▶ _REQUIREMENT_
List each line of the data that holds the string "ZeroCross", please.

(Excerpts from a dataset)
------------------------

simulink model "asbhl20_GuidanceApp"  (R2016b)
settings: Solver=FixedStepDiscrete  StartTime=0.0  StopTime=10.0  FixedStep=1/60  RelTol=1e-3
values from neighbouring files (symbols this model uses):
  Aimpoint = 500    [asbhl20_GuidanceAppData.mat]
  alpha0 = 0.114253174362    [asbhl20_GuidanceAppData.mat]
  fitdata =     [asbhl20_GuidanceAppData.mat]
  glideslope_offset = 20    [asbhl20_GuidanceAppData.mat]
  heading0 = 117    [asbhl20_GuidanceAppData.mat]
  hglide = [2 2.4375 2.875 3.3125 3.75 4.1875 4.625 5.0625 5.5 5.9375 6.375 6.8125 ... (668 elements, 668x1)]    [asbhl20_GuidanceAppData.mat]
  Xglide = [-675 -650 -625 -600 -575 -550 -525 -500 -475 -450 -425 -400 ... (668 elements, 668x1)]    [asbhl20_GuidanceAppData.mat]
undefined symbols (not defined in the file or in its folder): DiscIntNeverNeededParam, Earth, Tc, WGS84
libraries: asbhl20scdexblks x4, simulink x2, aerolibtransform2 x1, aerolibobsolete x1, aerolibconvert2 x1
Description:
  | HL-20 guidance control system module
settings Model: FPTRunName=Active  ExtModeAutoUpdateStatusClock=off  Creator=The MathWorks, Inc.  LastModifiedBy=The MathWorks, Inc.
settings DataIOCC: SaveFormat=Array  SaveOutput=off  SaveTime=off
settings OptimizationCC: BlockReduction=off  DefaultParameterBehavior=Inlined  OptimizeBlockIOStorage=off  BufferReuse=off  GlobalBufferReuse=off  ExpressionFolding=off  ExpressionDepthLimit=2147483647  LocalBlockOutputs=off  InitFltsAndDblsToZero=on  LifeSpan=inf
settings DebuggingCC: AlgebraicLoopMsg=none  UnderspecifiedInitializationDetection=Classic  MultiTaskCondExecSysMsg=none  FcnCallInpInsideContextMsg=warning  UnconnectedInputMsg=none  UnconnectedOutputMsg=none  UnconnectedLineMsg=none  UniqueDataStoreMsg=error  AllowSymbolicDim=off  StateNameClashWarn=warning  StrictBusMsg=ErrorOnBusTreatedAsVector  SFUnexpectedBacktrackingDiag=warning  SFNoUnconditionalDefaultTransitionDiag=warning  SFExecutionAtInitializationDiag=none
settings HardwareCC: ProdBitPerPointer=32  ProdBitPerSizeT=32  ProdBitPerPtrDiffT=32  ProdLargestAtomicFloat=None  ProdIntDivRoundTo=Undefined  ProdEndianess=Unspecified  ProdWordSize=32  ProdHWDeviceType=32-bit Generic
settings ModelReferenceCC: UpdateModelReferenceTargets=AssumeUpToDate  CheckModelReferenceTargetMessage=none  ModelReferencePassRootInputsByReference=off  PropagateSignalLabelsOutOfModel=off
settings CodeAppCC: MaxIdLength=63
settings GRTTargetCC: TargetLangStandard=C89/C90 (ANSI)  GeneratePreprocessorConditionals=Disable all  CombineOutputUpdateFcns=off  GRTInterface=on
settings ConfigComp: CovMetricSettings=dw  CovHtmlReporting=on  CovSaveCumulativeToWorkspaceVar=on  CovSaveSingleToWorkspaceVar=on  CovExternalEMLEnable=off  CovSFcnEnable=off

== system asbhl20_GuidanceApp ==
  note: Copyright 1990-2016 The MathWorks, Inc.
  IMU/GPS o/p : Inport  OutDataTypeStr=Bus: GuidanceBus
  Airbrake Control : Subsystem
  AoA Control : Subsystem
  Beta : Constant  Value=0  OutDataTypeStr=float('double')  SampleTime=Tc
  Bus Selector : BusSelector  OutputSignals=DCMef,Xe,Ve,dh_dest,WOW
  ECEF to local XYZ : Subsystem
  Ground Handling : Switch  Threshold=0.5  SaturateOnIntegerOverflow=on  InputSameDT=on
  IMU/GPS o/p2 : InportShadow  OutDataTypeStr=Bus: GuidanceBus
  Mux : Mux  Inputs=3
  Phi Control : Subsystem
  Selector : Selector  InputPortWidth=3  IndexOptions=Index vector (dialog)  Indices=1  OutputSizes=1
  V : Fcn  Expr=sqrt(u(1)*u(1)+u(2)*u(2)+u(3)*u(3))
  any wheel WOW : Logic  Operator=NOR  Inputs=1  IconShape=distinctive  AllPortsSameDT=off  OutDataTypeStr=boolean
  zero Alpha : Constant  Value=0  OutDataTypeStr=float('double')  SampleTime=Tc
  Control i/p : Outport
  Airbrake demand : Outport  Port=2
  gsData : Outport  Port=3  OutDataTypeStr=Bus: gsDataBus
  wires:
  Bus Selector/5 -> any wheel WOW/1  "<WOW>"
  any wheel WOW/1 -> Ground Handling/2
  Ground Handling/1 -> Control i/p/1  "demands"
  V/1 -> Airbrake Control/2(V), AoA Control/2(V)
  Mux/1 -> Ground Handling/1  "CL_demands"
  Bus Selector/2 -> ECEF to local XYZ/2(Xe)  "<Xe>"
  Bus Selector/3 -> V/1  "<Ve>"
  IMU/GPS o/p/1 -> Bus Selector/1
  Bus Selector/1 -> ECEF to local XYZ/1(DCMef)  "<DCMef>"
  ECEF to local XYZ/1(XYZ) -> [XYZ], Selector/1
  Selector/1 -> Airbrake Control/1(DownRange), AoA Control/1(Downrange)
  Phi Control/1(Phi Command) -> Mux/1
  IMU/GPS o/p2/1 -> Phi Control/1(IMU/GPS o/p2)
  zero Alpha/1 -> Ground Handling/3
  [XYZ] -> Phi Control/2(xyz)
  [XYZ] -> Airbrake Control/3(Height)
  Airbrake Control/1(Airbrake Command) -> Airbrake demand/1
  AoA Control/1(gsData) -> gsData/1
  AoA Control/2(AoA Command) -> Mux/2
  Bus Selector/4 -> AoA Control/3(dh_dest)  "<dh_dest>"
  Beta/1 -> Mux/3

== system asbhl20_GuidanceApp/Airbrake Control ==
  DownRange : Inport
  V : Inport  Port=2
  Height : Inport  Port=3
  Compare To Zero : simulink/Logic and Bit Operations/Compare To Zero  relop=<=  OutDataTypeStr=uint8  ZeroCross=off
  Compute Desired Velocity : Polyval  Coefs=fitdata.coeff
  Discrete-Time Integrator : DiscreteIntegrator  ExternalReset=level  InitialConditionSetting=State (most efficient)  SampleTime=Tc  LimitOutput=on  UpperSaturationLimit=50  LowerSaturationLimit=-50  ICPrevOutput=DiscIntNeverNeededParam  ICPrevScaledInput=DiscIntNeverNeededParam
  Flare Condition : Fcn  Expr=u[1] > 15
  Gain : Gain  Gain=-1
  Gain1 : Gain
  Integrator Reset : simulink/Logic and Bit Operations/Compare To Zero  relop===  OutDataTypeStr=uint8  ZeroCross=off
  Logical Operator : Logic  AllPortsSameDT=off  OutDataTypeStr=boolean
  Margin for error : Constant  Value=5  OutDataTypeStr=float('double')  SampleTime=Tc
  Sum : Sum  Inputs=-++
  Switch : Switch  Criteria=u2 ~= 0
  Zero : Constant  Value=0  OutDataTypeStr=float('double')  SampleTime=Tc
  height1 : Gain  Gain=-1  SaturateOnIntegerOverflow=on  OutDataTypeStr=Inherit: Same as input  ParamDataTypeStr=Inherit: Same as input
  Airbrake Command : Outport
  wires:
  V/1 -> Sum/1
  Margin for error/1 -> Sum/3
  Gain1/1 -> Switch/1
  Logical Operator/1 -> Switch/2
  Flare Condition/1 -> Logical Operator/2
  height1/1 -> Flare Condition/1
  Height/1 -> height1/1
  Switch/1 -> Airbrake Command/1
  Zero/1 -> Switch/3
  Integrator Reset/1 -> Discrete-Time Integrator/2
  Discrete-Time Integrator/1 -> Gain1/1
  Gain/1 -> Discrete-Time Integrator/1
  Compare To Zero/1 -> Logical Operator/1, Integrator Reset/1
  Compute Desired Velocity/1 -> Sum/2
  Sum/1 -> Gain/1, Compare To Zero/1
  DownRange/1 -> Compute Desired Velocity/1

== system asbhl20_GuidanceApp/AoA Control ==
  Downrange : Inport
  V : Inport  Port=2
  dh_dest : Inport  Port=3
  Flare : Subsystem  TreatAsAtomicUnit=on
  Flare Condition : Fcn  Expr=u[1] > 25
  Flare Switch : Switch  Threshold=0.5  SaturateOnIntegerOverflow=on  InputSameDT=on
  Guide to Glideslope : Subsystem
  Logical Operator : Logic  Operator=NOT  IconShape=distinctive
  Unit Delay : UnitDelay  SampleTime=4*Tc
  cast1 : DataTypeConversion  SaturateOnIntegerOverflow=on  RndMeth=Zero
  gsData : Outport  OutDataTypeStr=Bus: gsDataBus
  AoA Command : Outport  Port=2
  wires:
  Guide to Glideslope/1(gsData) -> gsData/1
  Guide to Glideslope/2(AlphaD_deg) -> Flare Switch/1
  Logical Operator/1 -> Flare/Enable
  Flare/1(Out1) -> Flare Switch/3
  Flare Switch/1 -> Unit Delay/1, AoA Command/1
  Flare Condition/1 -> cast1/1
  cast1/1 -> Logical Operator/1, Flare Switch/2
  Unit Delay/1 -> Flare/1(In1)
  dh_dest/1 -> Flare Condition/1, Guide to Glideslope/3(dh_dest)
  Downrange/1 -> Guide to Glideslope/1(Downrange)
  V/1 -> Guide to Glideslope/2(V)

------------------------

▶ _COMPLETED EXERCISE_
  Compare To Zero : simulink/Logic and Bit Operations/Compare To Zero  relop=<=  OutDataTypeStr=uint8  ZeroCross=off
  Integrator Reset : simulink/Logic and Bit Operations/Compare To Zero  relop===  OutDataTypeStr=uint8  ZeroCross=off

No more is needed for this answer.